Below are the entries. Transcribe exactly the lines from the one with "#31668 = DIRECTION" through the one with "#48852 = CARTESIAN_POINT", ends included, and leave out all others.
----- SOURCE DATA -----
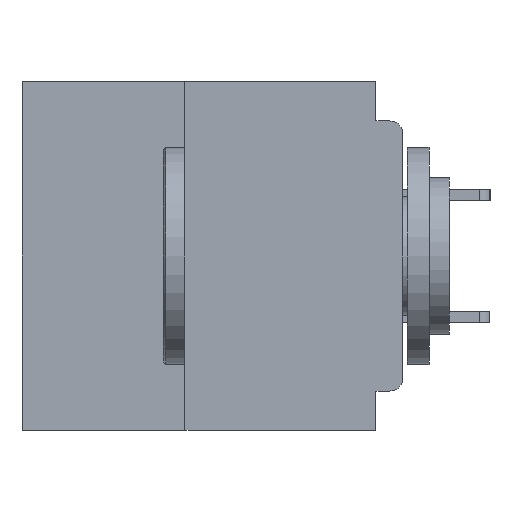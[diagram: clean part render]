
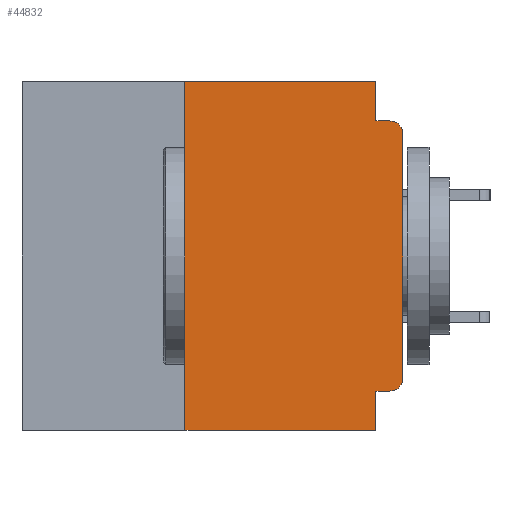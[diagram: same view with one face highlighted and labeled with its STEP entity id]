
A CAD part, left-side view. The second image highlights one B-rep face of the part: STEP entity #44832.
In plain terms, the highlighted planar face has unit normal (-1, 0, 0).
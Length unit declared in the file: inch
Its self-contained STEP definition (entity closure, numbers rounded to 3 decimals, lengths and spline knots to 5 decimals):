
#3961 = CARTESIAN_POINT ( 'NONE',  ( 0., 0.031, -0.4 ) ) ;
#4134 = DIRECTION ( 'NONE',  ( 0., 0., -1. ) ) ;
#4609 = CARTESIAN_POINT ( 'NONE',  ( 0., 0.031, -0.4 ) ) ;
#5541 = CIRCLE ( 'NONE', #21435, 0.015 ) ;
#6014 = LINE ( 'NONE', #41910, #39702 ) ;
#6406 = LINE ( 'NONE', #48852, #29390 ) ;
#6534 = CARTESIAN_POINT ( 'NONE',  ( 0., 0.25, -0.4 ) ) ;
#6867 = VECTOR ( 'NONE', #28124, 39.37008 ) ;
#7810 = VERTEX_POINT ( 'NONE', #15187 ) ;
#8083 = PLANE ( 'NONE',  #26295 ) ;
#9106 = DIRECTION ( 'NONE',  ( 0., -1., 0. ) ) ;
#9182 = EDGE_LOOP ( 'NONE', ( #49552, #53386, #24120, #32224, #15642, #32278, #50093, #32636, #43393, #56238 ) ) ;
#11408 = VERTEX_POINT ( 'NONE', #39202 ) ;
#12060 = VECTOR ( 'NONE', #36063, 39.37008 ) ;
#12705 = DIRECTION ( 'NONE',  ( 1., 0., 0. ) ) ;
#15187 = CARTESIAN_POINT ( 'NONE',  ( 0., 0.015, -0.045 ) ) ;
#15642 = ORIENTED_EDGE ( 'NONE', *, *, #49793, .F. ) ;
#16679 = DIRECTION ( 'NONE',  ( -1., 0., 0. ) ) ;
#18245 = VERTEX_POINT ( 'NONE', #45156 ) ;
#19141 = LINE ( 'NONE', #46295, #6867 ) ;
#20644 = VERTEX_POINT ( 'NONE', #50396 ) ;
#20681 = CARTESIAN_POINT ( 'NONE',  ( 0., 0.25, -0.4 ) ) ;
#21435 = AXIS2_PLACEMENT_3D ( 'NONE', #44063, #16679, #48677 ) ;
#22887 = LINE ( 'NONE', #3961, #12060 ) ;
#24120 = ORIENTED_EDGE ( 'NONE', *, *, #34175, .F. ) ;
#24522 = EDGE_CURVE ( 'NONE', #18245, #44987, #22887, .T. ) ;
#24557 = CARTESIAN_POINT ( 'NONE',  ( 0., 0.015, -0.355 ) ) ;
#25261 = DIRECTION ( 'NONE',  ( 0., 0., 1. ) ) ;
#26083 = DIRECTION ( 'NONE',  ( 0., 1., 0. ) ) ;
#26146 = DIRECTION ( 'NONE',  ( 0., 0., 1. ) ) ;
#26271 = CARTESIAN_POINT ( 'NONE',  ( 0., 0., -0.06 ) ) ;
#26295 = AXIS2_PLACEMENT_3D ( 'NONE', #53723, #12705, #44739 ) ;
#27250 = VECTOR ( 'NONE', #25261, 39.37008 ) ;
#28124 = DIRECTION ( 'NONE',  ( 0., 0., -1. ) ) ;
#28675 = LINE ( 'NONE', #20681, #27250 ) ;
#29143 = VERTEX_POINT ( 'NONE', #26271 ) ;
#29243 = EDGE_CURVE ( 'NONE', #49452, #20644, #28675, .T. ) ;
#29390 = VECTOR ( 'NONE', #26083, 39.37008 ) ;
#30409 = VERTEX_POINT ( 'NONE', #24557 ) ;
#31094 = FACE_OUTER_BOUND ( 'NONE', #9182, .T. ) ;
#31668 = DIRECTION ( 'NONE',  ( -1., 0., 0. ) ) ;
#32224 = ORIENTED_EDGE ( 'NONE', *, *, #48567, .F. ) ;
#32278 = ORIENTED_EDGE ( 'NONE', *, *, #29243, .F. ) ;
#32636 = ORIENTED_EDGE ( 'NONE', *, *, #24522, .F. ) ;
#32785 = LINE ( 'NONE', #44523, #34199 ) ;
#34175 = EDGE_CURVE ( 'NONE', #53954, #7810, #37843, .T. ) ;
#34199 = VECTOR ( 'NONE', #26146, 39.37008 ) ;
#35261 = EDGE_CURVE ( 'NONE', #30409, #56103, #5541, .T. ) ;
#36063 = DIRECTION ( 'NONE',  ( 0., 0., -1. ) ) ;
#36426 = VECTOR ( 'NONE', #45806, 39.37008 ) ;
#37086 = DIRECTION ( 'NONE',  ( 0., -1., 0. ) ) ;
#37630 = VECTOR ( 'NONE', #9106, 39.37008 ) ;
#37843 = LINE ( 'NONE', #54586, #36426 ) ;
#38566 = CARTESIAN_POINT ( 'NONE',  ( 0., 0.031, -0.045 ) ) ;
#39202 = CARTESIAN_POINT ( 'NONE',  ( 0., 0.031, 0. ) ) ;
#39702 = VECTOR ( 'NONE', #37086, 39.37008 ) ;
#40967 = CARTESIAN_POINT ( 'NONE',  ( 0., 0.437, 0. ) ) ;
#40984 = AXIS2_PLACEMENT_3D ( 'NONE', #59004, #31668, #4134 ) ;
#41910 = CARTESIAN_POINT ( 'NONE',  ( 0., 0.437, -0.4 ) ) ;
#43393 = ORIENTED_EDGE ( 'NONE', *, *, #56074, .F. ) ;
#44063 = CARTESIAN_POINT ( 'NONE',  ( 0., 0.015, -0.34 ) ) ;
#44523 = CARTESIAN_POINT ( 'NONE',  ( 0., 0., 0. ) ) ;
#44739 = DIRECTION ( 'NONE',  ( 0., 0., -1. ) ) ;
#44832 = ADVANCED_FACE ( 'NONE', ( #31094 ), #8083, .F. ) ;
#44987 = VERTEX_POINT ( 'NONE', #4609 ) ;
#45156 = CARTESIAN_POINT ( 'NONE',  ( 0., 0.031, -0.355 ) ) ;
#45806 = DIRECTION ( 'NONE',  ( 0., -1., 0. ) ) ;
#46295 = CARTESIAN_POINT ( 'NONE',  ( 0., 0.031, 0. ) ) ;
#48097 = EDGE_CURVE ( 'NONE', #56103, #29143, #32785, .T. ) ;
#48567 = EDGE_CURVE ( 'NONE', #11408, #53954, #19141, .T. ) ;
#48677 = DIRECTION ( 'NONE',  ( 0., 0., -1. ) ) ;
#48852 = CARTESIAN_POINT ( 'NONE',  ( 0., 0., -0.355 ) ) ;
#49075 = EDGE_CURVE ( 'NONE', #29143, #7810, #53477, .T. ) ;
#49452 = VERTEX_POINT ( 'NONE', #6534 ) ;
#49552 = ORIENTED_EDGE ( 'NONE', *, *, #48097, .T. ) ;
#49793 = EDGE_CURVE ( 'NONE', #20644, #11408, #49822, .T. ) ;
#49822 = LINE ( 'NONE', #40967, #37630 ) ;
#50093 = ORIENTED_EDGE ( 'NONE', *, *, #50437, .T. ) ;
#50396 = CARTESIAN_POINT ( 'NONE',  ( 0., 0.25, 0. ) ) ;
#50437 = EDGE_CURVE ( 'NONE', #49452, #44987, #6014, .T. ) ;
#52014 = CARTESIAN_POINT ( 'NONE',  ( 0., 0., -0.34 ) ) ;
#53386 = ORIENTED_EDGE ( 'NONE', *, *, #49075, .T. ) ;
#53477 = CIRCLE ( 'NONE', #40984, 0.015 ) ;
#53723 = CARTESIAN_POINT ( 'NONE',  ( 0., 0.437, 0. ) ) ;
#53954 = VERTEX_POINT ( 'NONE', #38566 ) ;
#54586 = CARTESIAN_POINT ( 'NONE',  ( 0., 0., -0.045 ) ) ;
#56074 = EDGE_CURVE ( 'NONE', #30409, #18245, #6406, .T. ) ;
#56103 = VERTEX_POINT ( 'NONE', #52014 ) ;
#56238 = ORIENTED_EDGE ( 'NONE', *, *, #35261, .T. ) ;
#59004 = CARTESIAN_POINT ( 'NONE',  ( 0., 0.015, -0.06 ) ) ;
-----
RESPONSE |
#31668 = DIRECTION ( 'NONE',  ( -1., 0., 0. ) ) ;
#32224 = ORIENTED_EDGE ( 'NONE', *, *, #48567, .F. ) ;
#32278 = ORIENTED_EDGE ( 'NONE', *, *, #29243, .F. ) ;
#32636 = ORIENTED_EDGE ( 'NONE', *, *, #24522, .F. ) ;
#32785 = LINE ( 'NONE', #44523, #34199 ) ;
#34175 = EDGE_CURVE ( 'NONE', #53954, #7810, #37843, .T. ) ;
#34199 = VECTOR ( 'NONE', #26146, 39.37008 ) ;
#35261 = EDGE_CURVE ( 'NONE', #30409, #56103, #5541, .T. ) ;
#36063 = DIRECTION ( 'NONE',  ( 0., 0., -1. ) ) ;
#36426 = VECTOR ( 'NONE', #45806, 39.37008 ) ;
#37086 = DIRECTION ( 'NONE',  ( 0., -1., 0. ) ) ;
#37630 = VECTOR ( 'NONE', #9106, 39.37008 ) ;
#37843 = LINE ( 'NONE', #54586, #36426 ) ;
#38566 = CARTESIAN_POINT ( 'NONE',  ( 0., 0.031, -0.045 ) ) ;
#39202 = CARTESIAN_POINT ( 'NONE',  ( 0., 0.031, 0. ) ) ;
#39702 = VECTOR ( 'NONE', #37086, 39.37008 ) ;
#40967 = CARTESIAN_POINT ( 'NONE',  ( 0., 0.437, 0. ) ) ;
#40984 = AXIS2_PLACEMENT_3D ( 'NONE', #59004, #31668, #4134 ) ;
#41910 = CARTESIAN_POINT ( 'NONE',  ( 0., 0.437, -0.4 ) ) ;
#43393 = ORIENTED_EDGE ( 'NONE', *, *, #56074, .F. ) ;
#44063 = CARTESIAN_POINT ( 'NONE',  ( 0., 0.015, -0.34 ) ) ;
#44523 = CARTESIAN_POINT ( 'NONE',  ( 0., 0., 0. ) ) ;
#44739 = DIRECTION ( 'NONE',  ( 0., 0., -1. ) ) ;
#44832 = ADVANCED_FACE ( 'NONE', ( #31094 ), #8083, .F. ) ;
#44987 = VERTEX_POINT ( 'NONE', #4609 ) ;
#45156 = CARTESIAN_POINT ( 'NONE',  ( 0., 0.031, -0.355 ) ) ;
#45806 = DIRECTION ( 'NONE',  ( 0., -1., 0. ) ) ;
#46295 = CARTESIAN_POINT ( 'NONE',  ( 0., 0.031, 0. ) ) ;
#48097 = EDGE_CURVE ( 'NONE', #56103, #29143, #32785, .T. ) ;
#48567 = EDGE_CURVE ( 'NONE', #11408, #53954, #19141, .T. ) ;
#48677 = DIRECTION ( 'NONE',  ( 0., 0., -1. ) ) ;
#48852 = CARTESIAN_POINT ( 'NONE',  ( 0., 0., -0.355 ) ) ;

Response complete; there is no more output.